Jabba: hybrid error correction for long sequencing reads using maximal exact matches
机译:Jabba:使用最大精确匹配对长序列读数进行杂交错误校正
hird generation sequencing platforms produce longer reads with higher error rates than second generation sequencing technologies. While the improved read length can provide useful information for downstream analysis, underlying algorithms are challenged by the high error rate. Error correction methods in which accurate short reads are used to correct noisy long reads appear to be attractive to generate high-quality long reads. Methods that align short reads to long reads do not optimally use the information contained in the second generation data, and suffer from large runtimes. Recently, a new hybrid error correcting method has been proposed, where the second generation data is first assembled into a de Bruijn graph, on which the long reads are then aligned. In this context we present Jabba, a hybrid method to correct long third generation reads by mapping them on a corrected de Bruijn graph that was constructed from second generation data.
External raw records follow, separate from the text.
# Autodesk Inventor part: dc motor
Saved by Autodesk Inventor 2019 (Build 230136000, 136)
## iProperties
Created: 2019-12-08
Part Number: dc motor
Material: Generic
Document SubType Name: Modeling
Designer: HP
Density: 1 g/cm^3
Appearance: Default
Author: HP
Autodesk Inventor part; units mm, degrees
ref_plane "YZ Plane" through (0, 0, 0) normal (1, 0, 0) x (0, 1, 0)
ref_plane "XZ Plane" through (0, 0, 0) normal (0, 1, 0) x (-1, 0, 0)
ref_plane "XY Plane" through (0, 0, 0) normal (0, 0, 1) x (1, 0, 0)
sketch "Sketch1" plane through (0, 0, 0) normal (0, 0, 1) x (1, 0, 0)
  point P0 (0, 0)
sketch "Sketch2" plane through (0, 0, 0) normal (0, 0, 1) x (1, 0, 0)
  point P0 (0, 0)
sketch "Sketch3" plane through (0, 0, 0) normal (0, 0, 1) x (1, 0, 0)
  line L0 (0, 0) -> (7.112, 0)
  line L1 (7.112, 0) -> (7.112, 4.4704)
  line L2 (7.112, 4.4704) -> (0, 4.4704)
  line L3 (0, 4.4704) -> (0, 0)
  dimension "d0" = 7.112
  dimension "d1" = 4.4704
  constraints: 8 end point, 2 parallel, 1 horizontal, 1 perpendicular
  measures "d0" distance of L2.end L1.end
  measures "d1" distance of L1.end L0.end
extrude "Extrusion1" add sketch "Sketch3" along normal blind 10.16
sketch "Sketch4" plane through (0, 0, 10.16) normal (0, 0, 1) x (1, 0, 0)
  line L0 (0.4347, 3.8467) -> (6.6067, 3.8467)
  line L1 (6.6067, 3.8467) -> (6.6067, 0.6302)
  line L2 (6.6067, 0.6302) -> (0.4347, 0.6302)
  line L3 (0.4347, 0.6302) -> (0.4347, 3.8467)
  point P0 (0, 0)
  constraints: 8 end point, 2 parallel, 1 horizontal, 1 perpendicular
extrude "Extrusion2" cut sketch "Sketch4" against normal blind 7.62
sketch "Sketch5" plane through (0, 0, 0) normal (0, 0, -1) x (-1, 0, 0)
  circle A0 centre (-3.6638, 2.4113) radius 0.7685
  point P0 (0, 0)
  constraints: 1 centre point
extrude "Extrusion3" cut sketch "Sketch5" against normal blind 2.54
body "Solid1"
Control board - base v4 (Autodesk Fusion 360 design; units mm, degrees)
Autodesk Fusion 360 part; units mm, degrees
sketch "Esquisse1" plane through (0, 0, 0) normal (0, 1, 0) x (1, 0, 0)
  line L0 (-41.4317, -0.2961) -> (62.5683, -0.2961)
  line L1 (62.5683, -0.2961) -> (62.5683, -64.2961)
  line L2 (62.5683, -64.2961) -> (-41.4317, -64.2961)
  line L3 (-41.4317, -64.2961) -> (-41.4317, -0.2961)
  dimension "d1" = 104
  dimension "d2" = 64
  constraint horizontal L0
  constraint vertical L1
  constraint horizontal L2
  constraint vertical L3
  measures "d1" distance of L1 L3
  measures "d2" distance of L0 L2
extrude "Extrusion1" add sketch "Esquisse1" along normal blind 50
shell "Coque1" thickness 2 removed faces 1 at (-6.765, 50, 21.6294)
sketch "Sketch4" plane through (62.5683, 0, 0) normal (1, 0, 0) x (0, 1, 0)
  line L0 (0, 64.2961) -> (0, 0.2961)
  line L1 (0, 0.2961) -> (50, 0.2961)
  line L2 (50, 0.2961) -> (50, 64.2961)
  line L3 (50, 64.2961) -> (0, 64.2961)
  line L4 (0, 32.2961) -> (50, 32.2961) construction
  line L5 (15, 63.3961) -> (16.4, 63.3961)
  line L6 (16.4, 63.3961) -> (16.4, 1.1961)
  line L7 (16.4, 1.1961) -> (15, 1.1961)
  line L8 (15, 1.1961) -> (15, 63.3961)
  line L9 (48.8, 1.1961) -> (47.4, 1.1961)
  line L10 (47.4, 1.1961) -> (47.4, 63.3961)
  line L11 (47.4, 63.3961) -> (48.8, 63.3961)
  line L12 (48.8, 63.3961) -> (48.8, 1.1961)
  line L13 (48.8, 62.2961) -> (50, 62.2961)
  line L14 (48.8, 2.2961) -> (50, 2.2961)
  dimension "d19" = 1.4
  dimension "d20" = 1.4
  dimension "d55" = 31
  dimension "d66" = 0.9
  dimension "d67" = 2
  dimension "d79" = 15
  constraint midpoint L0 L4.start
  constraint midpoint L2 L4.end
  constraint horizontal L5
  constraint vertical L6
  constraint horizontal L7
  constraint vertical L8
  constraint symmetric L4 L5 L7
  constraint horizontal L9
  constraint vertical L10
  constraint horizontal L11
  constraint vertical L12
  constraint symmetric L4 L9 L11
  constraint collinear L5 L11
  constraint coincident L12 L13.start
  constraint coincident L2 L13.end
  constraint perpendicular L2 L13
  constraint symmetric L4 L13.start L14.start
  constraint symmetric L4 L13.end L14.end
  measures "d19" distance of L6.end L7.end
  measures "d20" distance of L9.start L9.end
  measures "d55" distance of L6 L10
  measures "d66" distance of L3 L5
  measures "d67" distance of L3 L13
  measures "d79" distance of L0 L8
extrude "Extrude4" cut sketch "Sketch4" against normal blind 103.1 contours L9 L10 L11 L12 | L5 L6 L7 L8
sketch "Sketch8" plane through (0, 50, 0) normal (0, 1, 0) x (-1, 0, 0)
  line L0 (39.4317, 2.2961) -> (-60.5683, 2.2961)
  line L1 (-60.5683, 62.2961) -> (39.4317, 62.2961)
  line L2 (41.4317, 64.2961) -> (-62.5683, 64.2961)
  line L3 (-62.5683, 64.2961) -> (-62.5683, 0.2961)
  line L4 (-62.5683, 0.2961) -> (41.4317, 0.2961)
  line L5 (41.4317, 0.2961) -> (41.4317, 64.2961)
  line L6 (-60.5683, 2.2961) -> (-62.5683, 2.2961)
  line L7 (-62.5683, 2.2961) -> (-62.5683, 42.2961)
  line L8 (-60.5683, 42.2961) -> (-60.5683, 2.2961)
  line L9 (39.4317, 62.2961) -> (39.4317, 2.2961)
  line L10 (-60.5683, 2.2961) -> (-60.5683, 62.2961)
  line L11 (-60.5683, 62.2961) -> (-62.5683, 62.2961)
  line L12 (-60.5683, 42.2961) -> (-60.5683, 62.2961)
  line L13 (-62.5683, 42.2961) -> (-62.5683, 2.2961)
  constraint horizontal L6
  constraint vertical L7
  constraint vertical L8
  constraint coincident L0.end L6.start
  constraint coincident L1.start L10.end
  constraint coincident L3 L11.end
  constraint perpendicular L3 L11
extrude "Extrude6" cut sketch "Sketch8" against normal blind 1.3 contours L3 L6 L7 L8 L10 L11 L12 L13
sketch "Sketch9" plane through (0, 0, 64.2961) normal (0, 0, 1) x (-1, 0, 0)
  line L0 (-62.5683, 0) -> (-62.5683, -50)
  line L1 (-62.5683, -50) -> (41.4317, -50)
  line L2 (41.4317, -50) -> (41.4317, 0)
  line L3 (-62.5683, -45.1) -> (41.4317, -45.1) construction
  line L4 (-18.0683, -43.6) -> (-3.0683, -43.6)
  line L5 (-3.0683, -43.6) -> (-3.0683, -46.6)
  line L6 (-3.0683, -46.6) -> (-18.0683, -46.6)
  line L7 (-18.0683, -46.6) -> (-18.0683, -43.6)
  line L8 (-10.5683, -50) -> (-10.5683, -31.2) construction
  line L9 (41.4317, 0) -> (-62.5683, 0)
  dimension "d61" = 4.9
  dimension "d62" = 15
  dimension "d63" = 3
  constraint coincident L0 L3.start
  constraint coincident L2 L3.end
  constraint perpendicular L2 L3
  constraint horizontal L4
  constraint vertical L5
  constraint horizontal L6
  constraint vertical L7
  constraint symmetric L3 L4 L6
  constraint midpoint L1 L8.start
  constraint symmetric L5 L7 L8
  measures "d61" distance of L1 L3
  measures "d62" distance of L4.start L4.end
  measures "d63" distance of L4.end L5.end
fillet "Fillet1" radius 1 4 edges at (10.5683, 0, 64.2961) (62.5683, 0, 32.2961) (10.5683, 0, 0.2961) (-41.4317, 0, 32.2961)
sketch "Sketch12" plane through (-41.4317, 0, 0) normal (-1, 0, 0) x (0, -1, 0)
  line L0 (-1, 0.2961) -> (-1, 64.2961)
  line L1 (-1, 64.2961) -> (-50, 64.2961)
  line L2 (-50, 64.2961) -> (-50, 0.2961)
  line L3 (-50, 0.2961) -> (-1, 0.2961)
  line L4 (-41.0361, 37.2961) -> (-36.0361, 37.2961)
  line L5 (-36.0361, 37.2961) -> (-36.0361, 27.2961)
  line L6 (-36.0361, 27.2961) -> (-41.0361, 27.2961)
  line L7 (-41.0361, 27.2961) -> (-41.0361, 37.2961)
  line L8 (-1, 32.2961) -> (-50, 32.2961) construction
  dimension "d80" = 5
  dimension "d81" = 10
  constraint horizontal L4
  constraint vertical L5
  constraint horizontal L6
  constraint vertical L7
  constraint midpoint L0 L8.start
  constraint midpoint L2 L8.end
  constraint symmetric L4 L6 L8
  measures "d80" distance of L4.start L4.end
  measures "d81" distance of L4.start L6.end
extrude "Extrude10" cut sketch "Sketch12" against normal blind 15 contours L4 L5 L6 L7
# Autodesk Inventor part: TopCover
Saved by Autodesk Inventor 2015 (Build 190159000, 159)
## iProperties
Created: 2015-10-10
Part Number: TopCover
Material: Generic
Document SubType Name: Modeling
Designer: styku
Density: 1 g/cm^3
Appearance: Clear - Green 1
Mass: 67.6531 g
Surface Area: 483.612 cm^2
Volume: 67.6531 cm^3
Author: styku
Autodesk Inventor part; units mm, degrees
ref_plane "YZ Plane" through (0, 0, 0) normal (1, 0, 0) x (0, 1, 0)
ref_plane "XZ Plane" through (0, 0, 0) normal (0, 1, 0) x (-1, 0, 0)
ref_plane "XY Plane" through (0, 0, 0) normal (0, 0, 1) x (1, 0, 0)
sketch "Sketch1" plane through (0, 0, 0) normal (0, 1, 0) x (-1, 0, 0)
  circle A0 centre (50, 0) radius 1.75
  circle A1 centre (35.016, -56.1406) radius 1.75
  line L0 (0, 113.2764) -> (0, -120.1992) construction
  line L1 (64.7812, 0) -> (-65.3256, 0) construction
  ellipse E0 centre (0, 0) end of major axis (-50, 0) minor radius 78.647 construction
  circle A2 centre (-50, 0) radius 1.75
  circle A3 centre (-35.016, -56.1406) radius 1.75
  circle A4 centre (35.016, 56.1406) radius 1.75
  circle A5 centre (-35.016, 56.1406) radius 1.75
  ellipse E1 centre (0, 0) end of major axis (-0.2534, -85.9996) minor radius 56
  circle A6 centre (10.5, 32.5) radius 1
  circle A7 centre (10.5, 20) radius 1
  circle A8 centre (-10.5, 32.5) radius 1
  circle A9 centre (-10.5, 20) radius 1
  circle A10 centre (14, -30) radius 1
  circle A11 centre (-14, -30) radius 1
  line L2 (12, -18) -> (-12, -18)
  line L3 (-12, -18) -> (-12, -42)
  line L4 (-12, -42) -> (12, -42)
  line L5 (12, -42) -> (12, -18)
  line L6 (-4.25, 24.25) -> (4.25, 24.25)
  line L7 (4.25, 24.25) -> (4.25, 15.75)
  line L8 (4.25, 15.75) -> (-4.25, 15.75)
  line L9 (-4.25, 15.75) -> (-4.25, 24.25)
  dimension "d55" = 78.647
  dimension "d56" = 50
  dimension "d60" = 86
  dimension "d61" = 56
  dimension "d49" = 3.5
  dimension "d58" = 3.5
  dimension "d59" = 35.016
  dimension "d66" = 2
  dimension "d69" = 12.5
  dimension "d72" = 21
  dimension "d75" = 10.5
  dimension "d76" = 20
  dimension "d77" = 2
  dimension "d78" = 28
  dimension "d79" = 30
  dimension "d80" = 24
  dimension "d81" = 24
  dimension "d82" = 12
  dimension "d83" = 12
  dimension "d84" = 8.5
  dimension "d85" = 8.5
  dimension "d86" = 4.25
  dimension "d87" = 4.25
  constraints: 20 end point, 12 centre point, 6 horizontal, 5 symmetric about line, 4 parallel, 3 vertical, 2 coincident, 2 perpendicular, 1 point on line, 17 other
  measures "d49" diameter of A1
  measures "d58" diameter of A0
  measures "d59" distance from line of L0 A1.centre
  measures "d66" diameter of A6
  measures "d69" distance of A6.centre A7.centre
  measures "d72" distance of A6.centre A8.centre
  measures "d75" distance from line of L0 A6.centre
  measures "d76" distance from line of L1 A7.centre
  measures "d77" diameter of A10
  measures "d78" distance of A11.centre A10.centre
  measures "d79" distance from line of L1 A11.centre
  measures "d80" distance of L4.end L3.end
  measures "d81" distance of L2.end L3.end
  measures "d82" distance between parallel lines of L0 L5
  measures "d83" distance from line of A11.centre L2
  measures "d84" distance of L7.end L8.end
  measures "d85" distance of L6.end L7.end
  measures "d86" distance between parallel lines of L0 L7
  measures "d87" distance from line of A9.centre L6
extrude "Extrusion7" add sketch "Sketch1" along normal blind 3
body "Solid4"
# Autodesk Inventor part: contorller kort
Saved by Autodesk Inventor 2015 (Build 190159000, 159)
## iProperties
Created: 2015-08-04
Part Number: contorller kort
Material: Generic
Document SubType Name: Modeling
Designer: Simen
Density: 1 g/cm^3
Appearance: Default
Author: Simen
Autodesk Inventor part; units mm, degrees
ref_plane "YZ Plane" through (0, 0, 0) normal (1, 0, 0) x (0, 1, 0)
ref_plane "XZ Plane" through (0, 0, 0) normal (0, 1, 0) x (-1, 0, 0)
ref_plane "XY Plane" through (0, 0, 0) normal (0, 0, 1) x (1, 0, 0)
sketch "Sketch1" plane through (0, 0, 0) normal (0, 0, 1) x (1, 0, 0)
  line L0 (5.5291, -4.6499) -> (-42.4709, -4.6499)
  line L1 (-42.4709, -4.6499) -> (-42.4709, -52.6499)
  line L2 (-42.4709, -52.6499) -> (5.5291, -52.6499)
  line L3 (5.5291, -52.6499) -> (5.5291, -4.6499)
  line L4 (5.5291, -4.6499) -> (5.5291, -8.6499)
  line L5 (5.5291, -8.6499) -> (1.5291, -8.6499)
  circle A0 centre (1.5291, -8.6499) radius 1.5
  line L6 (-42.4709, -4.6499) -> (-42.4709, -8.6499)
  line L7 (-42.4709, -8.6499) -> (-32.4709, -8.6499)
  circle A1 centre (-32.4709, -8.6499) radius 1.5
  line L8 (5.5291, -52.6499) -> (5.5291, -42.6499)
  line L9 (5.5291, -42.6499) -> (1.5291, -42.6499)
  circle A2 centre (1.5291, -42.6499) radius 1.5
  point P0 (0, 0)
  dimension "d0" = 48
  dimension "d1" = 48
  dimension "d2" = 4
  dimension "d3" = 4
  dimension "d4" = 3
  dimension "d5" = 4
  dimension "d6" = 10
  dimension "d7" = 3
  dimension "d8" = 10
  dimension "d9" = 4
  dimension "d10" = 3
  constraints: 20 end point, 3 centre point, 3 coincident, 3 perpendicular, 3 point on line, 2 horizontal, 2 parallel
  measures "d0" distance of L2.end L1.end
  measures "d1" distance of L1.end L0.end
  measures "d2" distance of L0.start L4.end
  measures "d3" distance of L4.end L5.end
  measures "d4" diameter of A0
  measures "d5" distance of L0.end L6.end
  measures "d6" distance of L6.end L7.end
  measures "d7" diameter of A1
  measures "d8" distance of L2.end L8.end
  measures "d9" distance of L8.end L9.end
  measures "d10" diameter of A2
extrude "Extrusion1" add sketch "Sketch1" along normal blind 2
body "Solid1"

Unique to our method is that this mapping is constructed with a seed and extend methodology, using maximal exact matches as seeds. In addition to benchmark results, certain theoretical results concerning the possibilities and limitations of the use of maximal exact matches in the context of third generation reads are presented.展开▼
机译:与第二代测序技术相比,第三代测序平台可产生更长的读数,错误率更高。尽管提高的读取长度可以为下游分析提供有用的信息,但高错误率对基础算法提出了挑战。使用准确的短读来纠正嘈杂的长读的纠错方法似乎很有吸引力,可以生成高质量的长读。将短读与长读对齐的方法不能最佳地使用第二代数据中包含的信息,并且运行时间长。近来,已经提出了一种新的混合错误校正方法,其中第二代数据首先被组装成de Bruijn图,然后在其上对齐长读。在这种情况下,我们介绍了Jabba,这是一种通过将它们映射到由第二代数据构建的经过校正的de Bruijn图上来纠正较长的第三代读取的混合方法。我们的方法的独特之处在于,此映射是使用种子和扩展方法构造的,并使用最大精确匹配作为种子。除了基准测试结果外,还提供了一些有关在第三代阅读中使用最大精确匹配的可能性和局限性的理论结果。